▶ Supplied data
-*-

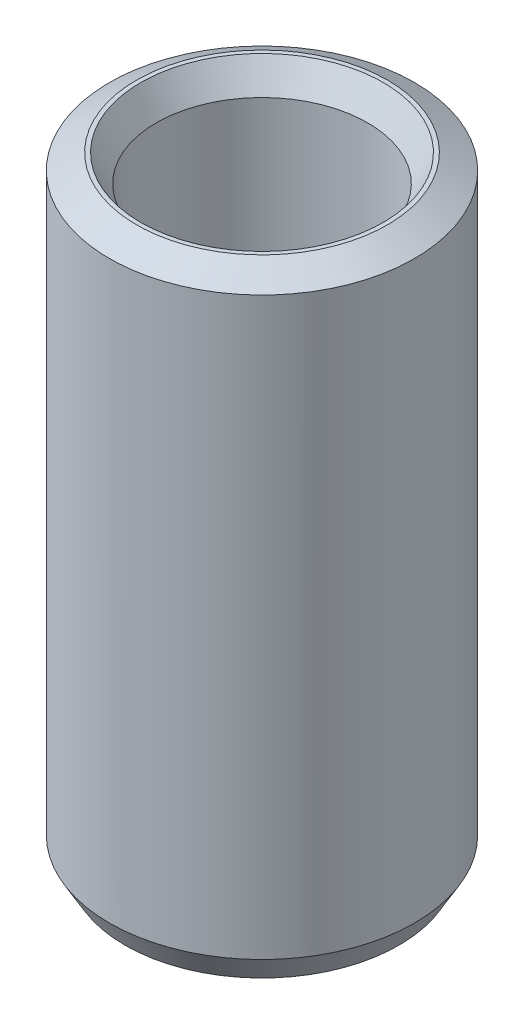
from build123d import *
from OCP.BRepFilletAPI import BRepFilletAPI_MakeChamfer

# Parameters (mm, degrees)
SKETCH1_R           = 30
BOSS_EXTRUDE1_DEPTH = 121.594950692
SKETCH2_R           = 20.775715781
CUT_EXTRUDE1_DEPTH  = 129.784051939
CHAMFER1_SIZE       = 3.074945018
CHAMFER1_SIZE2      = 5.325961002


with BuildPart() as part:
    # Sketch1 → Boss-Extrude1 (new body)
    with BuildSketch(Plane(origin=(0, 0, 0), x_dir=(1, 0, 0), z_dir=(0, 1, 0))):
        Circle(SKETCH1_R)
    extrude(amount=BOSS_EXTRUDE1_DEPTH)

    # Sketch2 → Cut-Extrude1 (cut, through all)
    with BuildSketch(Plane(origin=(0, 0, 0), x_dir=(1, 0, 0), z_dir=(0, 1, 0))):
        Circle(SKETCH2_R)
    extrude(amount=CUT_EXTRUDE1_DEPTH, mode=Mode.SUBTRACT)

    # Chamfer1: one chamfer whose edges measure the first distance from different faces: ONE call of the kernel's chamfer builder (chamfer() names one face for all edges)
    chamfer1_edges_1 = [part.edges().sort_by_distance(p)[0] for p in [
        (-20.775715781, 121.594950692, 0),
    ]]
    chamfer1_side_1 = [part.faces().sort_by_distance(p)[0] for p in [
        (-29.151471863, 121.594950692, 0),
    ]]
    chamfer1_edges_2 = [part.edges().sort_by_distance(p)[0] for p in [
        (-20.775715781, 0, 0),
    ]]
    chamfer1_side_2 = [part.faces().sort_by_distance(p)[0] for p in [
        (-20.775715781, 60.797475346, 0),
    ]]
    chamfer1_edges_3 = [part.edges().sort_by_distance(p)[0] for p in [
        (-30, 0, 0),
    ]]
    chamfer1_side_3 = [part.faces().sort_by_distance(p)[0] for p in [
        (-29.151471863, 0, 0),
    ]]
    chamfer1_edges_4 = [part.edges().sort_by_distance(p)[0] for p in [
        (-30, 121.594950692, 0),
    ]]
    chamfer1_side_4 = [part.faces().sort_by_distance(p)[0] for p in [
        (-30, 60.797475346, 0),
    ]]
    chamfer1 = BRepFilletAPI_MakeChamfer(part.part.solid().wrapped)
    for e in chamfer1_edges_1:
        chamfer1.Add(CHAMFER1_SIZE, CHAMFER1_SIZE2, e.wrapped, chamfer1_side_1[0].wrapped)  # the first distance lies on this face
    for e in chamfer1_edges_2:
        chamfer1.Add(CHAMFER1_SIZE, CHAMFER1_SIZE2, e.wrapped, chamfer1_side_2[0].wrapped)  # the first distance lies on this face
    for e in chamfer1_edges_3:
        chamfer1.Add(CHAMFER1_SIZE, CHAMFER1_SIZE2, e.wrapped, chamfer1_side_3[0].wrapped)  # the first distance lies on this face
    for e in chamfer1_edges_4:
        chamfer1.Add(CHAMFER1_SIZE, CHAMFER1_SIZE2, e.wrapped, chamfer1_side_4[0].wrapped)  # the first distance lies on this face
    add(Compound.cast(chamfer1.Shape()), mode=Mode.REPLACE)


solid = part.part

-*-

▶ Your objective
From the listing above, copy every line that holds the string "solid".

▶ Response below
    chamfer1 = BRepFilletAPI_MakeChamfer(part.part.solid().wrapped)
solid = part.part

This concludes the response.